DemonSeed
Bluelighter
Good evening Bluelight. You know, I think some onieric trip reports have their place here. My dream state is clearly forever affected by my psychedelics use. I consider oneiric experiences as being definitly psychedelics. They are the experiences I enjoy the most. The etymology of psychedelic is, psyknhe for mind and deloun for making visible, reaveal, and from delos; visible, clear. A oneiric experience is exactly that, a altered state produced by your brain, possibly linked to DMT. I think we could all benefit from reports like this one, deep oneric spiritual dream. It was translates from french, points out about spelling if you feel in the mood. Comments. Thanks. All names in this report are fictive.
08-12-2006
I just spent the whole night dreaming. In several of my dreams appeared familiar characters. I am not writing this to tell about the story of these dreams which are too numerous, disparate and confusing. The evening before, I was hanging out at my friend Nash house basement. I went back home, got in bed, but before I meditate about dream. I wish to become lucid at the time of my dreams. I sometimes have lucid ones like several other persons. No matter how lucid one becomes, as conscious of the state of dream, which is quite of relative control, clearness remains marked, directed by the unconscious one. Until now, I did nothing but carry out my desires such as sex. What generally ends in the destruction of the scene without waking up, experiencing afterwards a sub-conscious feeling of frustration. Then, it is the blackout. I decide while meditating to change my perspective. In the oneiric world, plus the emotions are intensified, such as fear in a nightmare, the dreamer goes out of unconsciousness. What is fabulous in lucid dreaming, it is to remain contemplative which maintain the state over a longer period. I like to walk, to explore the kingdoms of the dream universe, this other reality. One day, I was in a village of the Woods. There, I met a monk hiding his face under a hood. I asked him how was called this charming place. « Faïra » did he answers. I found nothing about this place on the Internet.

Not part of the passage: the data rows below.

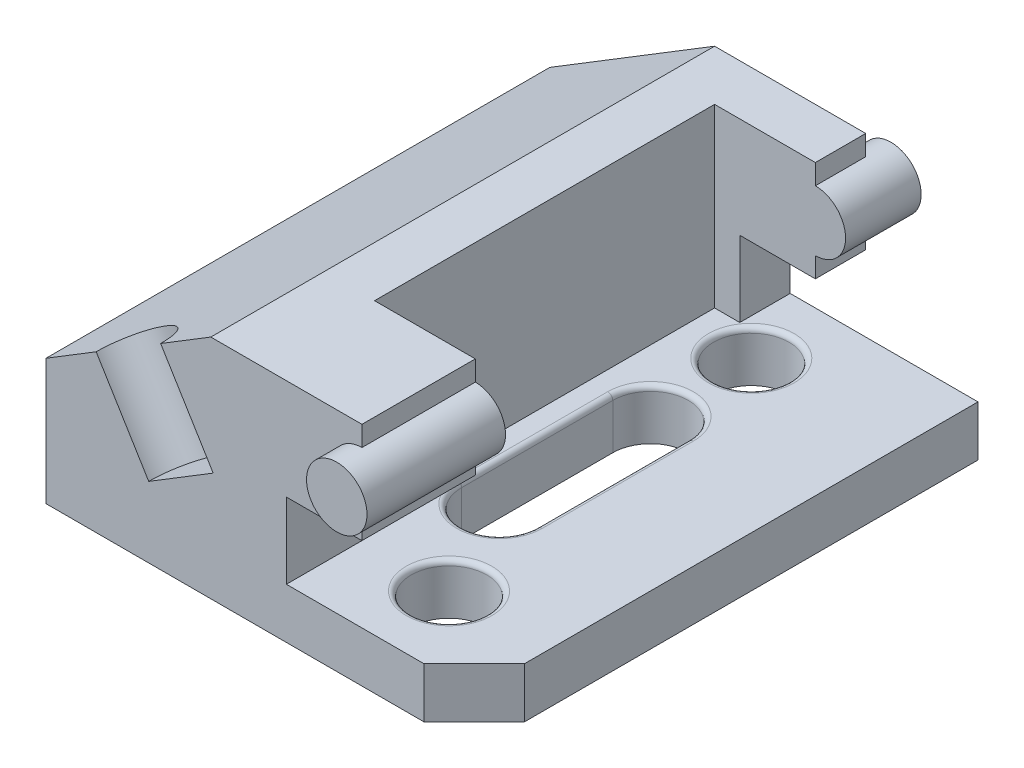
ISO-10303-21;
HEADER;
FILE_DESCRIPTION(('STEP AP214'),'2;1');
FILE_NAME('part.step','',(''),(''),'','','');
FILE_SCHEMA(('AUTOMOTIVE_DESIGN { 1 0 10303 214 1 1 1 1 }'));
ENDSEC;
DATA;
#1=APPLICATION_CONTEXT('core data for automotive mechanical design processes');
#2=APPLICATION_PROTOCOL_DEFINITION('international standard','automotive_design',2000,#1);
#3=PRODUCT_CONTEXT('',#1,'mechanical');
#4=PRODUCT('Part','Part','',(#3));
#5=PRODUCT_RELATED_PRODUCT_CATEGORY('part','',(#4));
#6=PRODUCT_DEFINITION_FORMATION('','',#4);
#7=PRODUCT_DEFINITION_CONTEXT('part definition',#1,'design');
#8=PRODUCT_DEFINITION('design','',#6,#7);
#9=PRODUCT_DEFINITION_SHAPE('','',#8);
#10=(LENGTH_UNIT() NAMED_UNIT(*) SI_UNIT(.MILLI.,.METRE.));
#11=(NAMED_UNIT(*) PLANE_ANGLE_UNIT() SI_UNIT($,.RADIAN.));
#12=(NAMED_UNIT(*) SI_UNIT($,.STERADIAN.) SOLID_ANGLE_UNIT());
#13=UNCERTAINTY_MEASURE_WITH_UNIT(LENGTH_MEASURE(1.E-05),#10,'distance_accuracy_value','');
#14=(GEOMETRIC_REPRESENTATION_CONTEXT(3) GLOBAL_UNCERTAINTY_ASSIGNED_CONTEXT((#13)) GLOBAL_UNIT_ASSIGNED_CONTEXT((#10,
#11,#12)) REPRESENTATION_CONTEXT('',''));
#15=CARTESIAN_POINT('',(0.,0.,0.));
#16=DIRECTION('',(0.,0.,1.));
#17=DIRECTION('',(1.,0.,0.));
#18=AXIS2_PLACEMENT_3D('',#15,#16,#17);
#19=CARTESIAN_POINT('',(62.7150812468734,45.,-100.));
#20=DIRECTION('',(1.,0.,0.));
#21=DIRECTION('',(0.,1.,0.));
#22=AXIS2_PLACEMENT_3D('',#19,#20,#21);
#23=PLANE('',#22);
#24=DIRECTION('',(0.,-1.,0.));
#25=VECTOR('',#24,1.);
#26=CARTESIAN_POINT('',(62.7150812468734,45.,-22.5));
#27=LINE('',#26,#25);
#28=CARTESIAN_POINT('',(62.7150812468734,29.,-22.5));
#29=VERTEX_POINT('',#28);
#30=CARTESIAN_POINT('',(62.7150812468734,25.,-22.5));
#31=VERTEX_POINT('',#30);
#32=EDGE_CURVE('E267',#29,#31,#27,.T.);
#33=ORIENTED_EDGE('',*,*,#32,.F.);
#34=DIRECTION('',(0.,0.,-1.));
#35=VECTOR('',#34,1.);
#36=CARTESIAN_POINT('',(62.7150812468734,29.,4.99999999999999));
#37=LINE('',#36,#35);
#38=CARTESIAN_POINT('',(62.7150812468734,29.,0.));
#39=VERTEX_POINT('',#38);
#40=EDGE_CURVE('E283',#29,#39,#37,.F.);
#41=ORIENTED_EDGE('',*,*,#40,.T.);
#42=DIRECTION('',(0.,1.,0.));
#43=VECTOR('',#42,1.);
#44=CARTESIAN_POINT('',(62.7150812468734,45.,0.));
#45=LINE('',#44,#43);
#46=CARTESIAN_POINT('',(62.7150812468734,25.,0.));
#47=VERTEX_POINT('',#46);
#48=EDGE_CURVE('E356',#47,#39,#45,.T.);
#49=ORIENTED_EDGE('',*,*,#48,.F.);
#50=DIRECTION('',(0.,0.,1.));
#51=VECTOR('',#50,1.);
#52=CARTESIAN_POINT('',(62.7150812468734,25.,-100.));
#53=LINE('',#52,#51);
#54=EDGE_CURVE('E377',#31,#47,#53,.T.);
#55=ORIENTED_EDGE('',*,*,#54,.F.);
#56=EDGE_LOOP('',(#33,#41,#49,#55));
#57=FACE_BOUND('',#56,.T.);
#58=ADVANCED_FACE('F37',(#57),#23,.T.);
#59=DIRECTION('',(0.,-1.,0.));
#60=VECTOR('',#59,1.);
#61=CARTESIAN_POINT('',(62.7150812468734,45.,-22.5));
#62=LINE('',#61,#60);
#63=CARTESIAN_POINT('',(62.7150812468734,45.,-22.5));
#64=VERTEX_POINT('',#63);
#65=CARTESIAN_POINT('',(62.7150812468734,41.,-22.5));
#66=VERTEX_POINT('',#65);
#67=EDGE_CURVE('E265',#64,#66,#62,.T.);
#68=ORIENTED_EDGE('',*,*,#67,.F.);
#69=DIRECTION('',(0.,0.,1.));
#70=VECTOR('',#69,1.);
#71=CARTESIAN_POINT('',(62.7150812468734,45.,-100.));
#72=LINE('',#71,#70);
#73=CARTESIAN_POINT('',(62.7150812468734,45.,0.));
#74=VERTEX_POINT('',#73);
#75=EDGE_CURVE('E373',#64,#74,#72,.T.);
#76=ORIENTED_EDGE('',*,*,#75,.T.);
#77=CARTESIAN_POINT('',(62.7150812468734,41.,0.));
#78=VERTEX_POINT('',#77);
#79=EDGE_CURVE('E355',#78,#74,#45,.T.);
#80=ORIENTED_EDGE('',*,*,#79,.F.);
#81=DIRECTION('',(0.,0.,-1.));
#82=VECTOR('',#81,1.);
#83=CARTESIAN_POINT('',(62.7150812468734,41.,4.99999999999999));
#84=LINE('',#83,#82);
#85=EDGE_CURVE('E280',#78,#66,#84,.T.);
#86=ORIENTED_EDGE('',*,*,#85,.T.);
#87=EDGE_LOOP('',(#68,#76,#80,#86));
#88=FACE_BOUND('',#87,.T.);
#89=ADVANCED_FACE('F552',(#88),#23,.T.);
#90=CARTESIAN_POINT('',(47.7150812468734,25.,-100.));
#91=DIRECTION('',(0.,-1.,0.));
#92=DIRECTION('',(0.,0.,-1.));
#93=AXIS2_PLACEMENT_3D('',#90,#91,#92);
#94=PLANE('',#93);
#95=DIRECTION('',(-1.,0.,0.));
#96=VECTOR('',#95,1.);
#97=CARTESIAN_POINT('',(47.7150812468734,25.,-22.5));
#98=LINE('',#97,#96);
#99=CARTESIAN_POINT('',(47.7150812468734,25.,-22.5));
#100=VERTEX_POINT('',#99);
#101=EDGE_CURVE('E269',#31,#100,#98,.T.);
#102=ORIENTED_EDGE('',*,*,#101,.F.);
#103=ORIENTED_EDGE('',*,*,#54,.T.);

I come to my dream. In various scenes, I often find myself with Nash, Rico and Jean-Simon. A scene in particular pushes me to write this. I am in the street, I must go back to Nash house, to give him back two steaks knifes which I play with as if they are swords while on my way. I meet him on the porch. I do not recognize my friend. He has a strange air, almost a mocking smile, quasi condescending. He is as the majority of the beings which I meet in my lucid dreams. It often happens to me to meet my family, which have the same attitude. I say to the members of my family that they are in my dream. They laugh at me and say « No », like I am wrong. And me, I laugh because they refuse to believe me. I read an article by Terence Mekenna on possible meeting with discarned entities under the effect of DMT which describe similar attitude from entities. Dreams are suspected to be related to DMT which have been proved to be produced in the human brain. I become suspicious of my friend and slightly lucid when I meet him on the porch. I ask « Nash » who he is truly; he answers me in these exact words : « I am you ». He takes one of my hand while the scene dissolves in darkness and I continue to feel « Nash » hand, which is clearly not Nash. I am being filled of kindness, even of love by the exchange. It remembers me the time I hold hand with a hooded ghost when on diphenhydramine. That moment lasts sufficiently long so that I can benefit from it and even think. I am initially surprised, am then upset by this quasi homosexual gesture. It is to be noted that I am heterosexual. For the last moment, I do not make anything else except enjoying this handshake of love with myself. Ah! Now I see through it well that my oneiric family told me the truth when it claimed that it was not in my dream. It is rather me which is in their world. This reality is my deep nature, my true me that I cannot recognize.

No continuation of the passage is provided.